It has been over two years since then-reality-star Donald Trump glided down an escalator, corn husk head of hair and all, took to the podium, and announced not only that he was running for President, but that he would "Make America Great Again."
In the time that has followed, politics –– a topic that is universally known as one of the few things to never bring up at the dinner table or with strangers –– has seemingly only become more rancorous and toxic a topic of discussion. Aided by the bevy of insults launched at political opponents, (eventual) political allies, disabled journalists, and Gold Star families alike by now-President Donald Trump, politics became more personal and tested personal relationships marred by ideological differences.
During and after the election, there were articles written about married couples splitting up over their political differences and parent-child relationships being severed, too. Now, almost a year after the election, our collective inability to separate the politics from the person is still dangerously high, especially in liberal circles.
A recent Pew Research Poll –– their Political Typology report published on October 24 –– found that fully 55% of "Solid Liberals" responded that a friend supporting Trump would "put a strain on their friendship." That is so disappointing and disheartening to me.
I would most certainly fall well within the "solidly liberal" tier or, if we're being honest, somewhere further left than that.

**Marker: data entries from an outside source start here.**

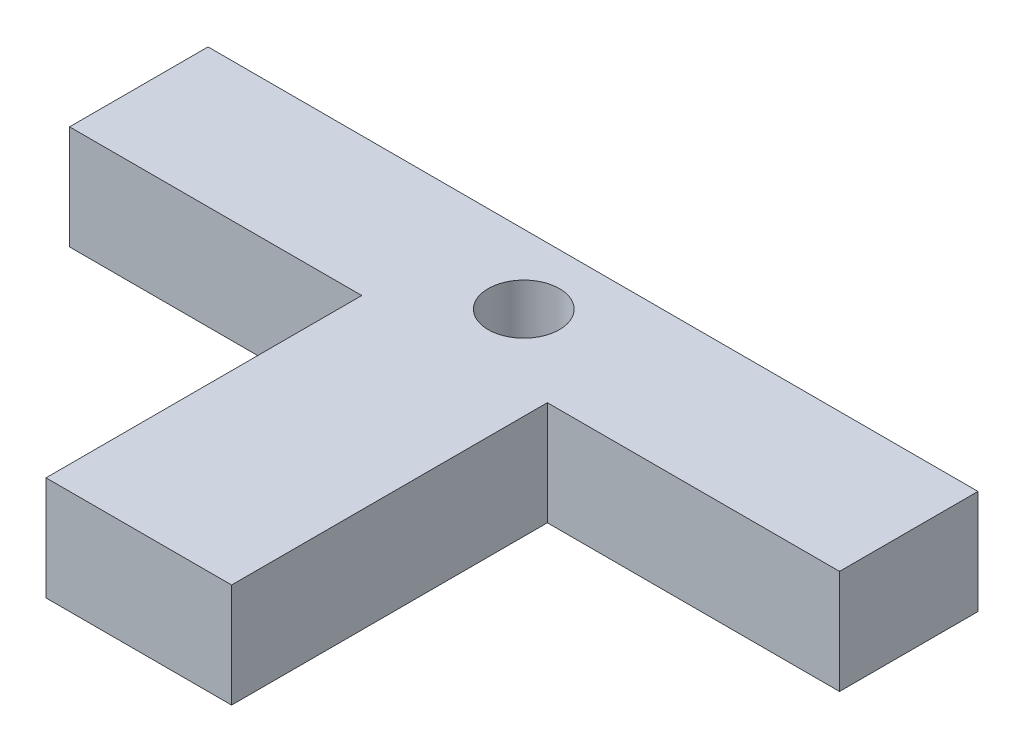
SolidWorks part; units mm, degrees
ref_plane "Front Plane" through (0, 0, 0) normal (0, 0, 1) x (1, 0, 0)
ref_plane "Top Plane" through (0, 0, 0) normal (0, 1, 0) x (1, 0, 0)
ref_plane "Right Plane" through (0, 0, 0) normal (1, 0, 0) x (0, 0, -1)
sketch "Sketch2" plane through (0, 0, 0) normal (0, 1, 0) x (1, 0, 0)
  line L0 (-55.5, -9.9811) -> (55.5, -9.9811)
  line L1 (-55.5, -9.9811) -> (-55.5, 9.9811)
  line L2 (-55.5, 9.9811) -> (55.5, 9.9811)
  line L3 (55.5, -9.9811) -> (55.5, 9.9811)
  line L4 (-55.5, -9.9811) -> (55.5, 9.9811) construction
  line L5 (-55.5, 9.9811) -> (55.5, -9.9811) construction
  line L6 (-13.3787, -9.9811) -> (13.3787, -9.9811)
  line L7 (-13.3787, -9.9811) -> (-13.3787, -55.5)
  line L8 (-13.3787, -55.5) -> (13.3787, -55.5)
  line L9 (13.3787, -9.9811) -> (13.3787, -55.5)
  circle A0 centre (0, 0) radius 5.135
  point P0 (0, 0)
  point P9 (0, -9.9811)
  point P10 (0, -55.5)
  point P16 (0, 0)
  dimension "D5" = 10.27
  dimension "D1" = 19.9621
  dimension "D2" = 26.7574
  dimension "D3" = 111
  dimension "D4" = 45.5189
extrude "Boss-Extrude1" add sketch "Sketch2" along normal blind 15 contours L0 L3 L2 L1 A0 | L9 L0 L7 L8

But I also have many casual acquaintances as well as some close friends who are staunch supporters of Trump and much of his agenda, and I have never considered this to be a hindrance to our relationships.
I find many of my friends' views extremely objectionable and, in some cases, unfathomable. I have wondered how they arrived at these views and how they continue to support a man and President like Donald Trump, but I have never wondered if these beliefs that I find so objectionable should mean we cannot remain friends.
The idea that all of Trump's supporters are irredeemable, virulent racists who hate women, immigrants, and poor people, too is just a false and immoral oversimplification. There are certainly Trump supporters who fit one, if not all, of these characteristics, but there are also plenty who are genuinely good human beings with good morals and good intentions.
I must acknowledge that part of my ability to see people for more than their political views comes from my place of privilege. As a straight, white male from an upper-middle class family, I largely do not have to worry myself about the real-life implications of President Trump's agenda within the narrow context of my own life.
However, I do not think that there is anything to gain from refusing to look at people as nothing more than their respective Presidential ballots. There are a wide variety of reasons people voted for this President –– and 46% of voters did vote for him –– and, though they ultimately all led people to the same (in my opinion, wrong) conclusion, intentions do matter.
I am not prepared to write tens of millions of Americans off as incapable of being my friend simply because they made what I perceive to be a demonstrably and undoubtedly wrong decision on their ballots last November. I am equally unprepared to write off the millions of Americans who still support the President, despite what I see of him failing as a leader and a unifier.
I would hope that all Americans, regardless of political leaning, can see beyond politics and share in empathy and love for everyone, even if you find some of their beliefs extremely objectionable.